RECORD EXTRACTS
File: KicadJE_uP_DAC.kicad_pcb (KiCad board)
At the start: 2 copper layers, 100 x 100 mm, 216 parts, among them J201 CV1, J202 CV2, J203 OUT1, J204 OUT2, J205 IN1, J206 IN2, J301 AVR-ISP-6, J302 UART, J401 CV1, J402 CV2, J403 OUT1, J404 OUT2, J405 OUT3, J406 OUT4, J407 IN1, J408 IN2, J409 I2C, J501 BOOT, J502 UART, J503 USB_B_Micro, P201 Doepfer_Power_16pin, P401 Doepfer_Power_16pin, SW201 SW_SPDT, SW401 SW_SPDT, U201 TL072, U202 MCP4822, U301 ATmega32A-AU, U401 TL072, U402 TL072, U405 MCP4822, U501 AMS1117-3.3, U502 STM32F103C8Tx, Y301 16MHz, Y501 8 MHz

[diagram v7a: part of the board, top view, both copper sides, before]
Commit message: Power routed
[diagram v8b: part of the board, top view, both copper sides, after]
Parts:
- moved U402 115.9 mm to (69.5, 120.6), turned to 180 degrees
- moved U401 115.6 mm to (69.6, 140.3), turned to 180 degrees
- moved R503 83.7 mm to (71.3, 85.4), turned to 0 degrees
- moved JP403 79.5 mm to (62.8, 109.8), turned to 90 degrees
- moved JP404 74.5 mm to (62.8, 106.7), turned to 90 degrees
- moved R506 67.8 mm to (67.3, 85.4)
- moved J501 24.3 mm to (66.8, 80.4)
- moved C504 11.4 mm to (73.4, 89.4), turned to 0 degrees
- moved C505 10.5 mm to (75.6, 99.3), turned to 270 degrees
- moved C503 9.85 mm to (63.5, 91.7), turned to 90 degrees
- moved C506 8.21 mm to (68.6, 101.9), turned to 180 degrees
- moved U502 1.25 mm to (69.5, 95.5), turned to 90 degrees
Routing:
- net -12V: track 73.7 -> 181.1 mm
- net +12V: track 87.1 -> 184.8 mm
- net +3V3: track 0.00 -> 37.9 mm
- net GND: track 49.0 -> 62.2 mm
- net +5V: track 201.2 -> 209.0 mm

EXERCISE REQUIREMENTS
Could you retype every record above exactly as written?

FINISHED EXERCISE
File: KicadJE_uP_DAC.kicad_pcb (KiCad board)
At the start: 2 copper layers, 100 x 100 mm, 216 parts, among them J201 CV1, J202 CV2, J203 OUT1, J204 OUT2, J205 IN1, J206 IN2, J301 AVR-ISP-6, J302 UART, J401 CV1, J402 CV2, J403 OUT1, J404 OUT2, J405 OUT3, J406 OUT4, J407 IN1, J408 IN2, J409 I2C, J501 BOOT, J502 UART, J503 USB_B_Micro, P201 Doepfer_Power_16pin, P401 Doepfer_Power_16pin, SW201 SW_SPDT, SW401 SW_SPDT, U201 TL072, U202 MCP4822, U301 ATmega32A-AU, U401 TL072, U402 TL072, U405 MCP4822, U501 AMS1117-3.3, U502 STM32F103C8Tx, Y301 16MHz, Y501 8 MHz

[diagram v7a: part of the board, top view, both copper sides, before]
Commit message: Power routed
[diagram v8b: part of the board, top view, both copper sides, after]
Parts:
- moved U402 115.9 mm to (69.5, 120.6), turned to 180 degrees
- moved U401 115.6 mm to (69.6, 140.3), turned to 180 degrees
- moved R503 83.7 mm to (71.3, 85.4), turned to 0 degrees
- moved JP403 79.5 mm to (62.8, 109.8), turned to 90 degrees
- moved JP404 74.5 mm to (62.8, 106.7), turned to 90 degrees
- moved R506 67.8 mm to (67.3, 85.4)
- moved J501 24.3 mm to (66.8, 80.4)
- moved C504 11.4 mm to (73.4, 89.4), turned to 0 degrees
- moved C505 10.5 mm to (75.6, 99.3), turned to 270 degrees
- moved C503 9.85 mm to (63.5, 91.7), turned to 90 degrees
- moved C506 8.21 mm to (68.6, 101.9), turned to 180 degrees
- moved U502 1.25 mm to (69.5, 95.5), turned to 90 degrees
Routing:
- net -12V: track 73.7 -> 181.1 mm
- net +12V: track 87.1 -> 184.8 mm
- net +3V3: track 0.00 -> 37.9 mm
- net GND: track 49.0 -> 62.2 mm
- net +5V: track 201.2 -> 209.0 mm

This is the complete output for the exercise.